A rough importance ranking
Before we fit anything, we can get a numerical sense of which variables are most different between presences and background — a simple proxy for how useful they might be.
separation <- sapply(names(env_vars), function(v) {
pres_mean <- mean(howler_sdm[[v]][howler_sdm$occ == 1], na.rm = TRUE)
bg_mean <- mean(howler_sdm[[v]][howler_sdm$occ == 0], na.rm = TRUE)
bg_sd <- sd(howler_sdm[[v]][howler_sdm$occ == 0], na.rm = TRUE)
abs(pres_mean - bg_mean) / bg_sd
})
sort(separation, decreasing = TRUE)
## bio04 bio05 bio10 bio11 bio01 bio09 elev
## 0.35453039 0.34495678 0.33871287 0.33580343 0.33572950 0.33199661 0.32905972
## bio08 bio06 bio03 bio15 bio18 bio12 bio07
## 0.32895947 0.31966531 0.21858531 0.20691138 0.20625199 0.13282262 0.12646305
## bio14 bio17 bio02 bio13 bio19 bio16
## 0.12444438 0.12236635 0.06237963 0.04672596 0.02436338 0.02408756
This standardised separation metric (effect size, roughly) ranks variables by how much their mean differs between presences and background, relative to background variability. Variables near the top of this list are worth prioritising in the model. Keep note of the top three or four — we’ll see how they compare to what the formal variable selection procedure identifies in Module 9.
Before we finish, let’s save our environmental variables data frame for later use.

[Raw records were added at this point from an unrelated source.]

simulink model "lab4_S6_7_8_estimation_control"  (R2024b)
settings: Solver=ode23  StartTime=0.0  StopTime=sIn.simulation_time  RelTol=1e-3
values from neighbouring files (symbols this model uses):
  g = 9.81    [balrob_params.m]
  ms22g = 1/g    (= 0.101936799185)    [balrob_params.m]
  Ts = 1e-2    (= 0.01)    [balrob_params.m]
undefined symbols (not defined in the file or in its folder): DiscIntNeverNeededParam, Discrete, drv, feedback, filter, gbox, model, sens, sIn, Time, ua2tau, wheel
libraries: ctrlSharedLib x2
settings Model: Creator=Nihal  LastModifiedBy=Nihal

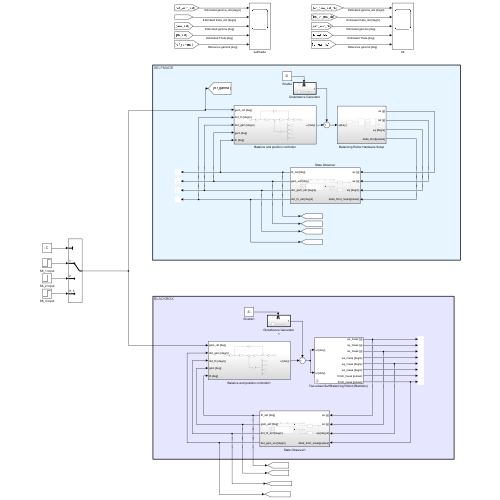
[thumbnail: Simulink's stored preview of the top-level diagram]
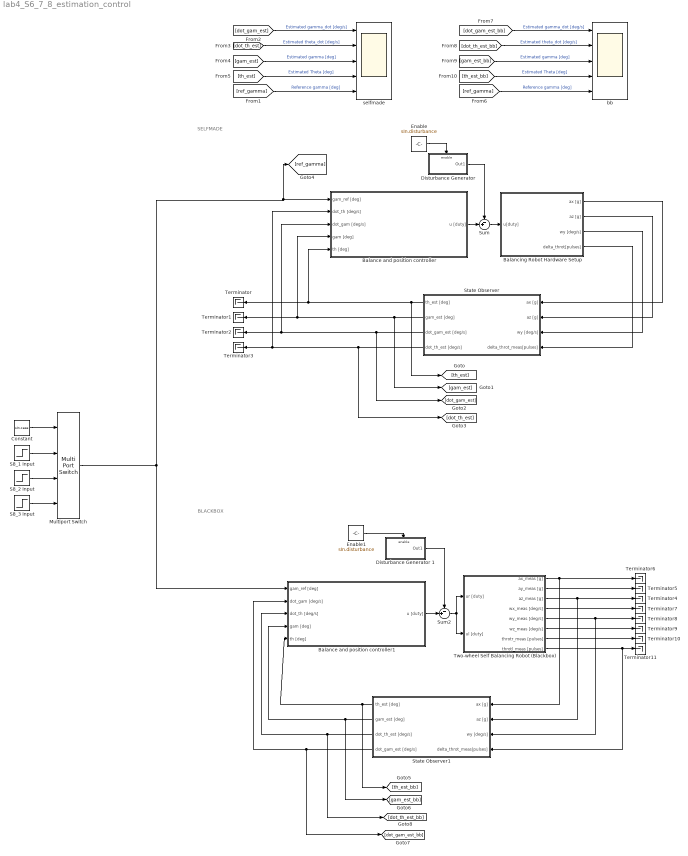
== system lab4_S6_7_8_estimation_control ==
  note: SELFMADE
  note: BLACKBOX
  Balance and position controller : Subsystem
  Balance and position controller1 : Subsystem
  Balancing Robot Hardware Setup : Subsystem
  Constant : Constant  Value=sIn.case
  "Disturbance Generator " : Subsystem  TreatAsAtomicUnit=on
  Disturbance Generator 1 : Subsystem  TreatAsAtomicUnit=on
  Enable : Constant  Value=sIn.disturbance
  Enable1 : Constant  Value=sIn.disturbance
  Multiport Switch : MultiPortSwitch  SaturateOnIntegerOverflow=off  InputSameDT=off
  S8_1 Input : Step  Time=0  After=0  SampleTime=0
  S8_2 Input : Step  Time=0  After=0.1/wheel.r  SampleTime=0
  S8_3 Input : Step  Time=0  After=0.1/wheel.r  SampleTime=0
  State Observer : Subsystem
  State Observer1 : Subsystem
  Sum : Sum  Inputs=-+|
  Sum2 : Sum  Inputs=-+|
  Terminator{,1..11} (12 alike) : Terminator
  "Two-wheel Self Balancing Robot (Blackbox) " : Subsystem  mask(Balancing robot (longitudinal + lateral dynamics)){initState=sIn.bb_ic, Ts=0.01}
      mask prompts: initState "Initial state [gam(0), psi(0), th(0), dot_gam(0), dot_psi(0), dot_th(0)]'"; Ts "Sample time:"
      mask help:
      | Balancing robot dynamic model.
      | Includes both the longitudinal and lateral (yaw) dynamics.
      mask init:
      | %% General parameters and conversion gains
      | 
      | %   gravity acc [m/s^2]
      | g = 9.81;
      | 
      | %   conversion gains
      | rpm2rads = 2*pi/60;         %   [rpm]   -> [rad/s]
      | rads2rpm = 60/2/pi;         %   [rad/s] -> [rpm]
      | rpm2degs = 360/60;          %   [rpm]   -> [deg/s]
      | degs2rpm = 60/360;          %   [deg/s] -> [rpm]
      | deg2rad = pi/180;           %   [deg]   -> [rad]
      | rad2deg = 180/pi;           %   [rad]   -> [deg]
      | g2ms2 = g;                  %   [acc_g] -> [m/s^2]
      | ms22g = 1/g;                %   [m/s^2] -> [acc_g]
      | ozin2Nm = 0.706e-2;         %   [oz*inch] -> [N*m]
      | 
      | 
      | %%  Battery data
      | 
      | %   electrical data
      | batt.UN = 11.1;     %   nominal voltage
      | 
      | 
      | %%  H-bridge PWM voltage driver
      | 
      | drv.Vbus = batt.UN;                     %   H-bridge DC bus voltage  
      | drv.pwm.bits = 8;                       %   PWM resolution [bits]
      | drv.pwm.levels = 2^drv.pwm.bits;        %   PWM levels
      | drv.pwm.Fs = 490;                       %   PWM frequency
      | drv.dutymax = drv.pwm.levels-1;         %   max duty cycle code
      | drv.duty2V = drv.Vbus/drv.dutymax;      %   duty cycle code (0-255) to voltage
      | drv.V2duty = drv.dutymax/drv.Vbus;      %   voltage to duty cycle code (0-255)
      | 
      | 
      | %%  Gearbox data 
      | 
      | gbox.N = 30;            %   reduction ratio
      | 
      | 
      | %%  Sensors data - Hall-effect encoder
      | 
      | %   Hall-effect encoder
      | sens.enc.ppr = 16*4;    %   pulses per rotation at motor side (w/ quadrature decoding)
      | sens.enc.pulse2deg = 360/sens.enc.ppr;
      | sens.enc.pulse2rad = 2*pi/sens.enc.ppr;
      | sens.enc.deg2pulse = sens.enc.ppr/360;
      | sens.enc.rad2pulse = sens.enc.ppr/2/pi;
      | 
      | 
      | %%  Sensors data - MPU6050 (accelerometer + gyro)
      | 
      | %   center of mass (CoM) position
      | sens.mpu.xb = 0;
      | sens.mpu.yb = 0;
      | sens.mpu.zb = 13.5e-3;
      | 
      | %       MPU6050 embedded accelerometer specs
      | sens.mpu.acc.bits = 16;
      | sens.mpu.acc.fs_g = 16;                                                         %   full-scale in "g" units
      | sens.mpu.acc.fs = sens.mpu.acc.fs_g * g2ms2;                                    %   full-scale in [m/s^2] 
      | sens.mpu.acc.g2LSB = floor(2^(sens.mpu.acc.bits-1)/sens.mpu.acc.fs_g);          %   sensitivity [LSB/g]
      | sens.mpu.acc.ms22LSB = sens.mpu.acc.g2LSB * ms22g;                              %   sensitvity [LSB/(m/s^2)]
      | sens.mpu.acc.LSB2g = sens.mpu.acc.fs_g/2^(sens.mpu.acc.bits-1);                 %   output quantization step [g/LSB]
      | sens.mpu.acc.LSB2ms2 = sens.mpu.acc.LSB2g * g2ms2;                              %   output quantization step [ms2/LSB]
      | sens.mpu.acc.bw = 94;                                                           %   output low-pass filter bandwidth
      | sens.mpu.acc.noisestd = 400e-6*sqrt(100);                                       %   output noise std [g-rms]
      | sens.mpu.acc.noisevar = sens.mpu.acc.noisestd^2;                                %   output noise var [g^2]
      | 
      | %       MPU6050 embdedded gyroscope specs
      | sens.mpu.gyro.bits = 16;
      | sens.mpu.gyro.fs_degs = 250;                                                    %   full scale in [deg/s (dps)]
      | sens.mpu.gyro.fs = sens.mpu.gyro.fs_degs * deg2rad;                             %   full scale in [rad/s]
      | sens.mpu.gyro.degs2LSB = floor(2^(sens.mpu.gyro.bits-1)/sens.mpu.gyro.fs_degs);	%   sensitivity [LSB/degs]
      | sens.mpu.gyro.rads2LSB = sens.mpu.gyro.degs2LSB * rad2deg;                      %   sensitivity [LSB/rads] 
      | sens.mpu.gyro.LSB2degs = sens.mpu.gyro.fs_degs/2^(sens.mpu.gyro.bits-1);        %   output quantization step [degs/LSB]
      | sens.mpu.gyro.LSB2rads = sens.mpu.gyro.LSB2degs * deg2rad;                      %   output quantization step [rads/LSB]
      | sens.mpu.gyro.bw = 98;                                                          %   output low-pass filter bandwidth
      | sens.mpu.gyro.noisestd = 5e-3*sqrt(100);                                        %   output noise std [degs-rms]
      | sens.mpu.gyro.noisevar = sens.mpu.acc.noisestd ^2;                              %   output noise var [degs^2]
      mask Help:
      | Riccardo Antonello (antonello@dei.unipd.it)
      | 
      | May 19, 2020
      | 
      | Dept. of Information Engineering, University of Padova
  bb : Scope  NumInputPorts=5
  selfmade : Scope  NumInputPorts=5
  wires:
  Balancing Robot Hardware Setup/4(delta_throt[pulses]) -> State Observer/4(delta_throt_meas[pulses])
  Balancing Robot Hardware Setup/3(wy [deg/s]) -> State Observer/3(wy [deg/s])
  Balancing Robot Hardware Setup/2(az [g]) -> State Observer/2(az [g])
  Balancing Robot Hardware Setup/1(ax [g]) -> State Observer/1(ax [g])
  Multiport Switch/1 -> Balance and position controller1/1(gam_ref [deg]), [ref_gamma], Balance and position controller/1(gam_ref [deg])
  "Two-wheel Self Balancing Robot (Blackbox) "/1(ax_meas [g]) -> State Observer1/1(ax [g]), Terminator6/1
  "Two-wheel Self Balancing Robot (Blackbox) "/2(ay_meas [g]) -> Terminator5/1
  "Two-wheel Self Balancing Robot (Blackbox) "/3(az_meas [g]) -> Terminator4/1, State Observer1/2(az [g])
  "Two-wheel Self Balancing Robot (Blackbox) "/4(wx_meas [deg/s]) -> Terminator7/1
  "Two-wheel Self Balancing Robot (Blackbox) "/5(wy_meas [deg/s]) -> Terminator8/1, State Observer1/3(wy [deg/s])
  "Two-wheel Self Balancing Robot (Blackbox) "/6(wz_meas [deg/s]) -> Terminator9/1
  "Two-wheel Self Balancing Robot (Blackbox) "/7(throtr_meas [pulses]) -> Terminator10/1
  "Two-wheel Self Balancing Robot (Blackbox) "/8(throtl_meas [pulses]) -> State Observer1/4(delta_throt_meas[pulses]), Terminator11/1
  State Observer1/4(dot_gam_est [deg/s]) -> [dot_gam_est_bb], Balance and position controller1/2(dot_gam [deg/s])
  State Observer/2(gam_est [deg]) -> [gam_est], Balance and position controller/4(gam [deg]), Terminator1/1
  State Observer/3(dot_gam_est [deg/s]) -> [dot_gam_est], Terminator2/1, Balance and position controller/3(dot_gam [deg/s])
  State Observer/1(th_est [deg]) -> Balance and position controller/5(th [deg]), Terminator/1, [th_est]
  State Observer/4(dot_th_est [deg/s]) -> [dot_th_est], Terminator3/1, Balance and position controller/2(dot_th [deg/s])
  [ref_gamma] -> selfmade/5  "Reference gamma [deg]"
  [th_est] -> selfmade/4  "Estimated Theta [deg]"
  [gam_est] -> selfmade/3  "Estimated gamma [deg]"
  [dot_th_est] -> selfmade/2  "Estimated theta_dot [deg/s]"
  [dot_gam_est] -> selfmade/1  "Estimated gamma_dot [deg/s]"
  State Observer1/2(gam_est [deg]) -> [gam_est_bb], Balance and position controller1/4(gam [deg])
  State Observer1/1(th_est [deg]) -> [th_est_bb], Balance and position controller1/5(th [deg])
  State Observer1/3(dot_th_est [deg/s]) -> Balance and position controller1/3(dot_th [deg/s]), [dot_th_est_bb]
  [dot_th_est_bb] -> bb/2  "Estimated theta_dot [deg/s]"
  [gam_est_bb] -> bb/3  "Estimated gamma [deg]"
  [ref_gamma] -> bb/5  "Reference gamma [deg]"
  [th_est_bb] -> bb/4  "Estimated Theta [deg]"
  [dot_gam_est_bb] -> bb/1  "Estimated gamma_dot [deg/s]"
  S8_1 Input/1 -> Multiport Switch/2
  S8_2 Input/1 -> Multiport Switch/3
  Constant/1 -> Multiport Switch/1
  Balance and position controller/1(u [duty]) -> Sum/2
  Sum/1 -> Balancing Robot Hardware Setup/1(u[duty])
  "Disturbance Generator "/1(Out1) -> Sum/1
  Enable/1 -> "Disturbance Generator "/Enable
  S8_3 Input/1 -> Multiport Switch/4
  Enable1/1 -> Disturbance Generator 1/Enable
  Balance and position controller1/1(u [duty]) -> Sum2/2
  Sum2/1 -> "Two-wheel Self Balancing Robot (Blackbox) "/2(ul [duty]), "Two-wheel Self Balancing Robot (Blackbox) "/1(ur [duty])
  Disturbance Generator 1/1(Out1) -> Sum2/1

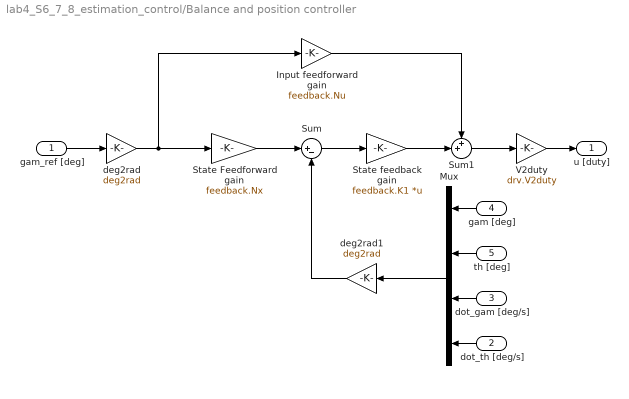
== system lab4_S6_7_8_estimation_control/Balance and position controller ==
  gam_ref [deg] : Inport
  dot_th [deg/s] : Inport  Port=2
  dot_gam [deg/s] : Inport  Port=3
  gam [deg] : Inport  Port=4
  th [deg] : Inport  Port=5
  Input feedforward gain : Gain  Gain=feedback.Nu
  Mux : Mux
  State Feedforward gain : Gain  Gain=feedback.Nx
  State feedback gain : Gain  Gain=feedback.K1  Multiplication=Matrix(K*u)
  Sum : Sum  Inputs=|+-
  Sum1 : Sum  Inputs=++|
  V2duty : Gain  Gain=drv.V2duty
  deg2rad : Gain  Gain=deg2rad
  deg2rad1 : Gain  Gain=deg2rad
  u [duty] : Outport
  wires:
  gam_ref [deg]/1 -> deg2rad/1
  deg2rad/1 -> Input feedforward gain/1, State Feedforward gain/1
  State Feedforward gain/1 -> Sum/1
  deg2rad1/1 -> Sum/2
  Mux/1 -> deg2rad1/1
  gam [deg]/1 -> Mux/1
  dot_th [deg/s]/1 -> Mux/4
  dot_gam [deg/s]/1 -> Mux/3
  th [deg]/1 -> Mux/2
  Sum/1 -> State feedback gain/1
  State feedback gain/1 -> Sum1/2
  Input feedforward gain/1 -> Sum1/1
  Sum1/1 -> V2duty/1
  V2duty/1 -> u [duty]/1

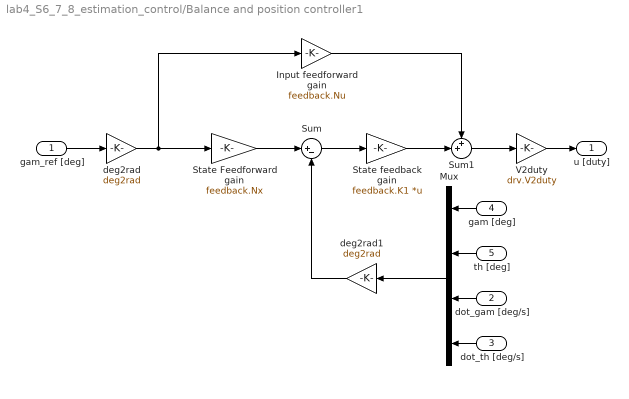
== system lab4_S6_7_8_estimation_control/Balance and position controller1 ==
  gam_ref [deg] : Inport
  dot_gam [deg/s] : Inport  Port=2
  dot_th [deg/s] : Inport  Port=3
  gam [deg] : Inport  Port=4
  th [deg] : Inport  Port=5
  Input feedforward gain : Gain  Gain=feedback.Nu
  Mux : Mux
  State Feedforward gain : Gain  Gain=feedback.Nx
  State feedback gain : Gain  Gain=feedback.K1  Multiplication=Matrix(K*u)
  Sum : Sum  Inputs=|+-
  Sum1 : Sum  Inputs=++|
  V2duty : Gain  Gain=drv.V2duty
  deg2rad : Gain  Gain=deg2rad
  deg2rad1 : Gain  Gain=deg2rad
  u [duty] : Outport
  wires:
  gam_ref [deg]/1 -> deg2rad/1
  deg2rad/1 -> Input feedforward gain/1, State Feedforward gain/1
  State Feedforward gain/1 -> Sum/1
  deg2rad1/1 -> Sum/2
  Mux/1 -> deg2rad1/1
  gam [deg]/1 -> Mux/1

env_vars <- write.csv(env_vars, "data/env_vars.csv") # write for use in later modules
Exercise
Add
bio07(temperature annual range) to your density plot loop. Is there a clear difference between presences and background? Given that howler monkeys live in tropical forest, would you expect them to be more sensitive to temperature seasonality or to mean temperature?Make a scatterplot of
bio04(temperature seasonality) versusbio15(precipitation seasonality). Do howler monkey occurrences cluster in a particular corner of this space?Based on the correlation heatmap, identify two variables with very high correlation (|r| > 0.8). Then identify two variables with very low correlation. Which of the second pair would you expect to be more useful in an SDM, based on the density plots?
References
Fedigan, L.M. & Jack, K. (2001). Neotropical primates in a regenerating Costa Rican dry forest: a comparison of howler and capuchin population patterns. International Journal of Primatology, 22, 689–713.